Thanks again, guys, for all you do for the hobby.


----------



## jsenske (Mar 15, 2004)

Thanks Cheryl. 

I hope that some of the more advanced hobbyists (uh-hmm, Niko, etc.) were'nt too disappointed having seen/been familiar with much of what I talked about concerning substrate, etc. 

And as for the scape itself, I wanted to do something that fit the store, and was realistic for Dane to easily maintain. To spend 5 hours on an ultra-groundbreaking, never-before-seen hardscape would not have made sense on a number of levels. So my apologies if some of felt like you stood around for 2+ hours to see me put three rocks in a tank. The goal was to establish an introductory-level aquascape/display and to establish a presence with ADA products. Hopefully to those ends it was a success!

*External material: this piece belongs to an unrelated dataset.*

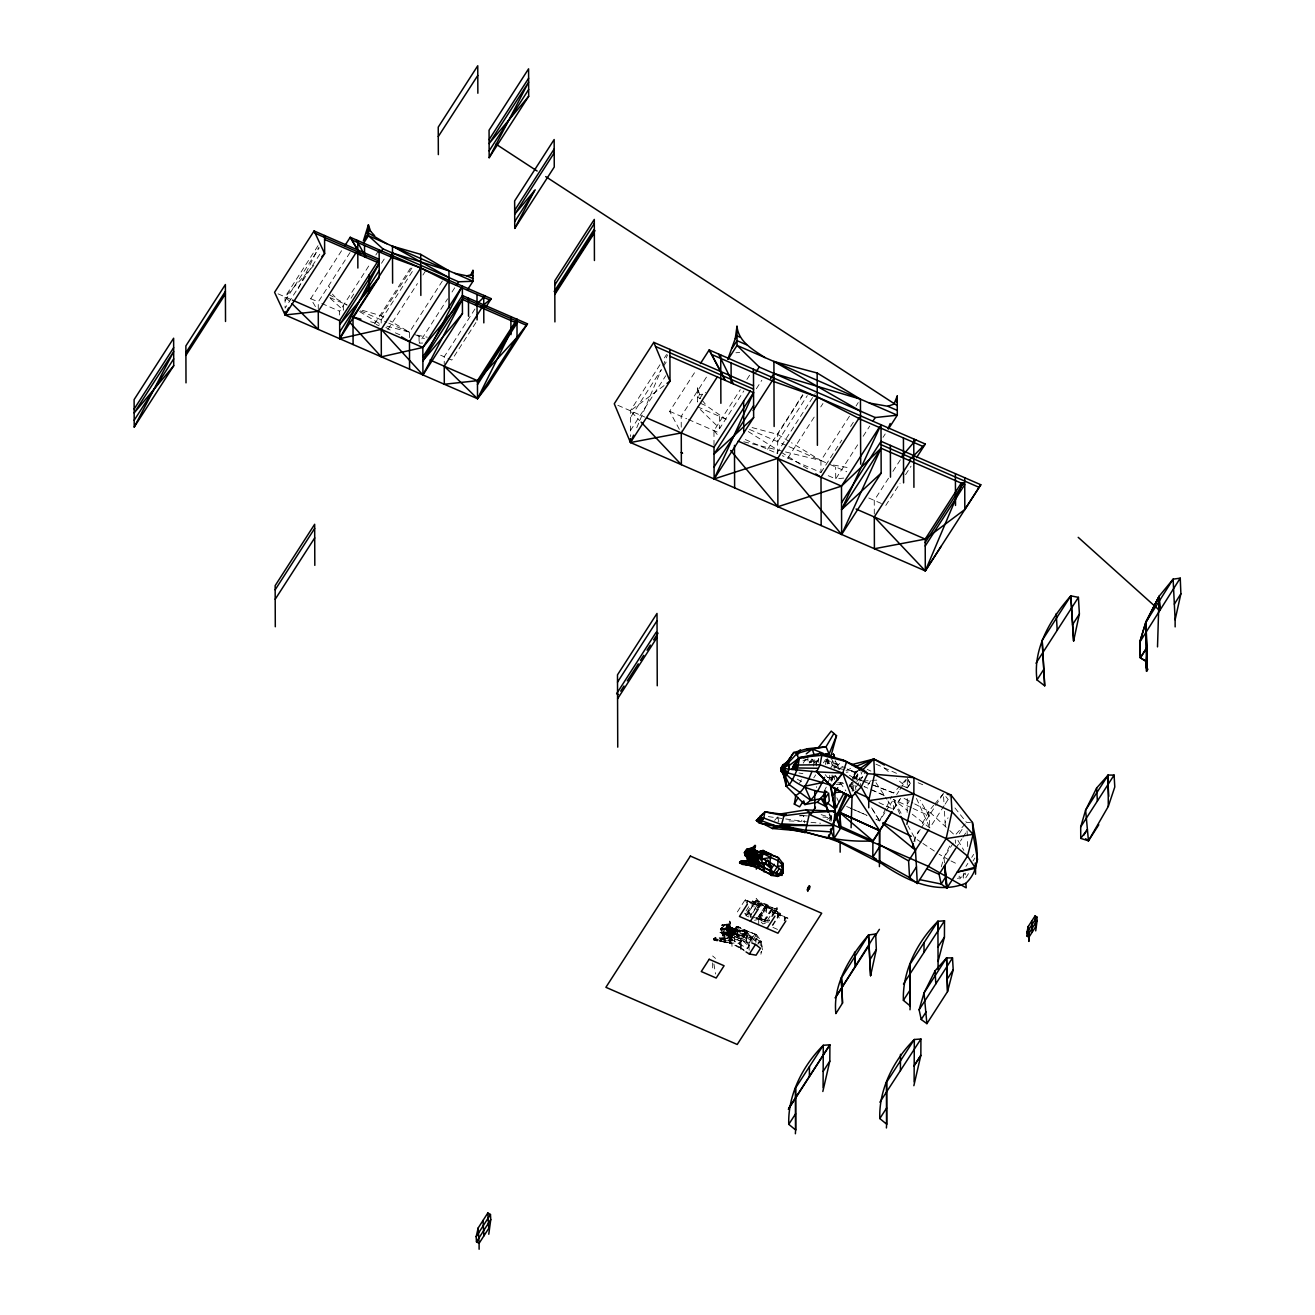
<?xml version="1.0" encoding="UTF-8"?>
<svg xmlns="http://www.w3.org/2000/svg" width="1315" height="1315" viewBox="0 0 1315 1315"><rect width="100%" height="100%" fill="white"/><g stroke="black" fill="none" stroke-linecap="round" stroke-linejoin="round"><path stroke-width="0.75" stroke-dasharray="5 3.75" d="M816.631 765.889L816.631 759.955L807.525 762.963M818.374 762.355L818.374 758.574M744.339 950.926L739.655 947.178C739.408 941.211 741.89 934.834 746.378 930.856L756.503 934.554L761.188 941.211L762.421 949.052M740.937 949.742L740.97 939.157L746.378 930.856L756.503 934.554L755.911 942.444M729.973 921.684L728.461 924.297L728.888 929.163L743.665 937.25L743.682 935.014L726.225 925.924L729.463 921.026L730.499 922.275L728.954 928.012M746.295 941.507L746.378 930.856L737.09 926.664L731.387 928.62L727.08 935.754L724.384 936.165L720.061 932.286L725.568 935.491L727.803 935.162L730.417 930.165L730.154 925.826L727.031 924.083L721.524 925.201L728.461 924.297L731.65 932.466L728.888 936.757L729.924 938.548L747.479 948.575L751.983 941.573L751.769 937.694L754.876 934.028L760.021 940.899L760.3 945.6L761.188 941.211L760.021 940.899L757.752 943.266M721.261 931.267L728.526 935.343L743.682 935.014L751.818 938.746L746.378 930.856L734.428 930.889L730.581 927.913L728.625 932.91L728.888 936.757L727.803 935.162L727.031 924.083L734.345 929.853L740.97 939.157L741.003 948.871L730.778 942.904L731.781 935.096L734.345 929.853L737.09 926.664L738.504 926.812L747.66 931.102L746.345 940.636L750.01 942.165M887.97 800.95L893.411 809.251L893.46 801.46M907.153 812.391L907.235 798.106M907.317 780.107L907.284 787.899L900.002 784.545M737.551 937.71L736.17 933.371L726.883 928.686L726.866 926.187L726.554 929.376L726.866 926.187L737.189 930.297L734.23 935.31L729.743 933.173L729.809 929.721L731.995 927.585L737.189 930.297L747.66 931.102L739.572 943.693M967.676 846.548L967.511 838.789M832.066 775.045L831.968 778.973L834.417 776.08M723.94 931.579L722.165 934.324L722.034 932.088L722.165 934.324L724.006 932.582L731.65 932.466L730.154 925.826L729.168 925.481L727.392 928.226L726.817 931.398L727.08 935.754L728.888 936.757L728.757 934.998M852.219 791.351L852.465 783.28M725.14 927.65L729.2 930.083L728.888 936.757M836.028 784.677L839.89 784.398L840.088 780.518M724.088 931.332L724.384 936.165L727.82 932.006L730.499 922.275M834.877 768.141L835.222 762.634M813.525 765.971L814.001 758.837M828.68 759.626L828.384 763.374L829.551 759.922M731.978 946.373L731.978 944.121L729.168 942.839L730.384 937.299L719.108 937.973L729.924 938.548L734.806 929.442L738.504 926.812L746.378 933.108L737.222 928.834L737.09 926.664L746.378 930.856L751.046 939.781M726.472 930.05L729.168 925.481L730.992 937.842L729.776 943.381L718.812 940.817M719.93 939.305L729.463 939.798L729.776 943.381L730.778 942.904L732.044 940.882L730.384 937.299L729.168 942.839L720.538 940.998L724.614 942.115L730.63 939.305L738.504 926.812L730.417 930.165M723.99 932.286L723.349 936.461L722.313 935.623L723.332 931.201M719.173 941.129L724.138 941.655L724.713 937.217L724.614 942.115L719.108 940.521L730.696 940.882L729.529 931.546M759.791 902.189L756.125 898.424L754.169 903.668M777.05 907.531L775.077 912.774L777.05 909.701C777.987 905.69 775.784 910.227 773.401 908.123M727.59 928.308L728.461 924.297L726.636 927.305M963.747 873.127L963.254 881.757M747.479 948.575L751.769 937.694L734.345 929.853L729.2 930.083L726.817 931.398L727.08 935.754L727.803 935.162M827.529 777.609L835.42 778.694M913.744 841.847L918.511 830.899M825.294 764.525L826.823 758.985M746.345 940.636L737.551 936.066L738.504 926.812L734.806 929.442L733.31 934.176L734.23 935.31L731.913 930.527L732.734 928.094L727.195 926.697L726.554 928.078M941.261 866.832L943.989 857.479L949.907 845.594M733.688 933.108L736.269 929.163L731.65 932.466L731.387 928.62L734.806 929.442L733.31 934.176L734.181 935.359L726.225 930.067L731.913 930.527L729.743 933.173L725.896 929.458M853.205 779.532L855.736 771.379L861.226 769.949M854.01 776.672L855.736 771.379L838.723 768.601L836.702 763.177M733.639 933.19L733.31 934.176L728.97 932.22L729.809 929.721L726.209 927.453M723.595 925.809L725.469 924.692L729.085 925.99L731.732 929.639L734.806 929.442L735.2 934.34M827.957 783.017L830.357 776.212M831.672 781.291L833.809 775.554M829.387 820.807L831.803 814.445M856.032 779.976L858.136 774.502L855.736 771.379L846.186 772.234M769.291 920.122L768.716 920.714M807.558 815.925L803.712 815.629L801.41 821.415L786.107 820.807M863.051 769.472L859.237 778.924L854.635 783.625M636.739 427.753L661.313 369.63L630.395 417.677M662.875 365.948L667.543 354.902M749.172 950.17L748.777 943.48L731.765 935.096L726.817 931.398L730.154 925.826L731.732 929.639L728.526 935.343L730.63 939.305L734.806 929.442M851.742 780.6L855.736 771.379L852.843 776.705M726.948 933.387L730.548 927.371M850.115 786.041L851.66 782.787M730.63 939.305L735.808 928.62M851.019 787.29L854.553 780.14M855.44 778.348L860.75 767.615M298.242 288.544L318.575 247.598M824.554 790.594L826.28 787.126M885.685 808.643L879.604 820.856L876.004 819.294L879.604 820.856L884.929 812.654M886.557 806.884L891.767 796.413M756.322 909.865L758.295 906.101L747.364 901.35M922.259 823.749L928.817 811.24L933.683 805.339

I really enjoyed it myself, and Dane and his Dad and staff are some really cool people that I look forward to working with.


----------



## CherylR (Aug 12, 2004)

LOL! Yes, but HOW do you put the three rocks in the tank? That is the real question. 

A simple aquascape is ideal, because it looks doable to the average person. That will invite more people into the hobby, more customers for Dane, more members for us, more customers for you, win-win all around. 

And I learned something about the ADA substrates. Just wish I could afford them!


----------



## Kjm (May 27, 2005)

This was a great meeting...Thanks Jeff! I just wish that I could have stayed for the complete setup. Unfortunately, I had a husband that needed picking up at the airport. I seriously thought about calling him and getting him to take Super Shuttle. 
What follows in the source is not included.